◆ **Work to complete**
Check each line below for the word "equation", and copy those that have it.

------------------------------------------------

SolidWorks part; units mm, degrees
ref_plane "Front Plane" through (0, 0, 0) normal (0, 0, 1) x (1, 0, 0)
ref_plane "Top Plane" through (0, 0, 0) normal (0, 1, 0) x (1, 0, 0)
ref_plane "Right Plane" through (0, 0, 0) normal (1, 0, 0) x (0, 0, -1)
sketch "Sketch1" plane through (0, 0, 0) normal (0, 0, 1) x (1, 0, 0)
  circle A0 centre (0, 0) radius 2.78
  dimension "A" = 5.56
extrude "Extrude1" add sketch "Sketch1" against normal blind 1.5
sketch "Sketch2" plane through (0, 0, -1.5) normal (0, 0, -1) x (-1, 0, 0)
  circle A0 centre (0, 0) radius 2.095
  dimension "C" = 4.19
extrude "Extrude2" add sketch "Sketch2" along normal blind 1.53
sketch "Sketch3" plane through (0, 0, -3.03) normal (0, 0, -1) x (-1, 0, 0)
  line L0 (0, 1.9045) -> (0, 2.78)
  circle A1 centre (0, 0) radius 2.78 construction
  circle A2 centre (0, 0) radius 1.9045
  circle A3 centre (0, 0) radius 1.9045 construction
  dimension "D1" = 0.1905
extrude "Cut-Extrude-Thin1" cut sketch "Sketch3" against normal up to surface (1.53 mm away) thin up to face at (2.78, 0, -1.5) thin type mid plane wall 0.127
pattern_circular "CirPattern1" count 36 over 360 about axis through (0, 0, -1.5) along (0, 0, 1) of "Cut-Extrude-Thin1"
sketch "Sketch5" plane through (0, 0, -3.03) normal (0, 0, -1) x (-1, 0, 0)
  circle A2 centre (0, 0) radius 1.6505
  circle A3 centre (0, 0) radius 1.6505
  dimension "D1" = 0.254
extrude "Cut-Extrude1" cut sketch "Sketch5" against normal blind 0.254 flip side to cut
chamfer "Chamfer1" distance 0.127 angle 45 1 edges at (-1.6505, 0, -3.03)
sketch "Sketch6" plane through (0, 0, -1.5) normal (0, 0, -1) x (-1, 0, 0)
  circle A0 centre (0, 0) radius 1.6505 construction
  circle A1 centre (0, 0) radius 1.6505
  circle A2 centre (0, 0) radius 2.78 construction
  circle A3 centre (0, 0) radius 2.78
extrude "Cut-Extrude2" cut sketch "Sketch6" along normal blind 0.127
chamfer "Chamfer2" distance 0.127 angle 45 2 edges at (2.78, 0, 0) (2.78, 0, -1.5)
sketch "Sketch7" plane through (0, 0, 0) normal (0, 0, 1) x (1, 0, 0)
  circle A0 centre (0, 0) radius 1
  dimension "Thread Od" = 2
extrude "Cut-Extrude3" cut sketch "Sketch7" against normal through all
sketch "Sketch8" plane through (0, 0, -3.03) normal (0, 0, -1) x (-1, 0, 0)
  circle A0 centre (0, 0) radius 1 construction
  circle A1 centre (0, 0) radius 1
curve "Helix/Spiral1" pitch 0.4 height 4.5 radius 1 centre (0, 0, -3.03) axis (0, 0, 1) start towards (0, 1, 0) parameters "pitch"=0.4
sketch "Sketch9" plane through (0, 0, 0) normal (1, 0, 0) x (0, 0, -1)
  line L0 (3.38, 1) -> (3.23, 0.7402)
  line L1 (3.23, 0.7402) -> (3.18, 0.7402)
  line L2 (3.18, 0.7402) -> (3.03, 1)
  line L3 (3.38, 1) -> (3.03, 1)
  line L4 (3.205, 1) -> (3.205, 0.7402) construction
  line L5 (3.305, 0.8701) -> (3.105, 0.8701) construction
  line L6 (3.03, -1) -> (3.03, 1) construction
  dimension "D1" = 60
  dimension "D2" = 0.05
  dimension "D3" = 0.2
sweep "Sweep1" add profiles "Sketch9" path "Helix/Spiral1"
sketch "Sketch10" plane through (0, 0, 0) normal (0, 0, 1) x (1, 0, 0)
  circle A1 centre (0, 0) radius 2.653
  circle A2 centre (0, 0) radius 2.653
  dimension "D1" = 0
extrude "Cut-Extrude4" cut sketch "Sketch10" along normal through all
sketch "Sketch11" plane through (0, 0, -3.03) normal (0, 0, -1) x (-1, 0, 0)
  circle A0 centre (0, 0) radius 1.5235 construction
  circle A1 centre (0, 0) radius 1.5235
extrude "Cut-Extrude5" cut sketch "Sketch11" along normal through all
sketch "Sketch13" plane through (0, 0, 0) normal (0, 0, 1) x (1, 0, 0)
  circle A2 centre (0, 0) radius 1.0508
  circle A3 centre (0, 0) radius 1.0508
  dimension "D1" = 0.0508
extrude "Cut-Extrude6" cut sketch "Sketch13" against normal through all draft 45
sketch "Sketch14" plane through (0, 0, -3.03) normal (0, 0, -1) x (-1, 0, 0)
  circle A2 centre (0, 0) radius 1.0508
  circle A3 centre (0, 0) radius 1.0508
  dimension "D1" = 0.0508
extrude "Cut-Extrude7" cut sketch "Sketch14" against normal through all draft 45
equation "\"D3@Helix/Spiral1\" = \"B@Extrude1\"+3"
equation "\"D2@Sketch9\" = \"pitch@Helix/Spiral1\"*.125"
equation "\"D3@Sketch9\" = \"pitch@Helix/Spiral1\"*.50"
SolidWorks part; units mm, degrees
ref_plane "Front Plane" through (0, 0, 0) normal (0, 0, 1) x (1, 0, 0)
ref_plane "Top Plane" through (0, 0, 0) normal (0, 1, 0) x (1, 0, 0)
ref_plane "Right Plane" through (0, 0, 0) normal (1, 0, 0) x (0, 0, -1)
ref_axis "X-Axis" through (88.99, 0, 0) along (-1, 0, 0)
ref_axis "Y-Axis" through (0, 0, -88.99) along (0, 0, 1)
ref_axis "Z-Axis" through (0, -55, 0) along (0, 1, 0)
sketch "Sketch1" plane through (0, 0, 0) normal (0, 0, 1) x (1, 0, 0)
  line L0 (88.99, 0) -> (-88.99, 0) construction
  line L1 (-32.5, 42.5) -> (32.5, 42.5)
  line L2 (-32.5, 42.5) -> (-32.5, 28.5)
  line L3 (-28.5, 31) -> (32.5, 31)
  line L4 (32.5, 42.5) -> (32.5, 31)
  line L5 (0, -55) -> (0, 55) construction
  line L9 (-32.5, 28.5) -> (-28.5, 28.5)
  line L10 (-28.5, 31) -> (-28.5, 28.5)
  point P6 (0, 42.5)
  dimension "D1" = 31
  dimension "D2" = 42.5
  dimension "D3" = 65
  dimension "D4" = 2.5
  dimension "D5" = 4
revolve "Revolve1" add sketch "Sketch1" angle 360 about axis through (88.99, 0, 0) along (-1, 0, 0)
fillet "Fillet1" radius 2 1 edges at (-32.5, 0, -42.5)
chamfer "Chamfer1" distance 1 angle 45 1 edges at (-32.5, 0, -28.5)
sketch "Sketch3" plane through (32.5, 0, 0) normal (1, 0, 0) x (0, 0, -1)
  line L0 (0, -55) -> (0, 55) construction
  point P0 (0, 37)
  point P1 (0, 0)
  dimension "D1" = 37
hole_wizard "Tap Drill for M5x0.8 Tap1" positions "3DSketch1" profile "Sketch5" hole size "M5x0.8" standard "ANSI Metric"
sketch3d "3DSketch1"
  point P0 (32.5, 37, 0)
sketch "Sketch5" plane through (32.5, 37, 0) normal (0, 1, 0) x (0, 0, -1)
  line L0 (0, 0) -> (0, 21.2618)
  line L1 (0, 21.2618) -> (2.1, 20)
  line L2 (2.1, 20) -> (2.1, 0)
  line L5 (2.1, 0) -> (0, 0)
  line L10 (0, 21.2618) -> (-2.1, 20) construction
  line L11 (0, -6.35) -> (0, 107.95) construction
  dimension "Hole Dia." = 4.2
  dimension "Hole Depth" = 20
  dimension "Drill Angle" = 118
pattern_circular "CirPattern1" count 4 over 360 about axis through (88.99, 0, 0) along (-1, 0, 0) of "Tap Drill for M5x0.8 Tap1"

------------------------------------------------

◆ **Answer below**
equation "\"D3@Helix/Spiral1\" = \"B@Extrude1\"+3"
equation "\"D2@Sketch9\" = \"pitch@Helix/Spiral1\"*.125"
equation "\"D3@Sketch9\" = \"pitch@Helix/Spiral1\"*.50"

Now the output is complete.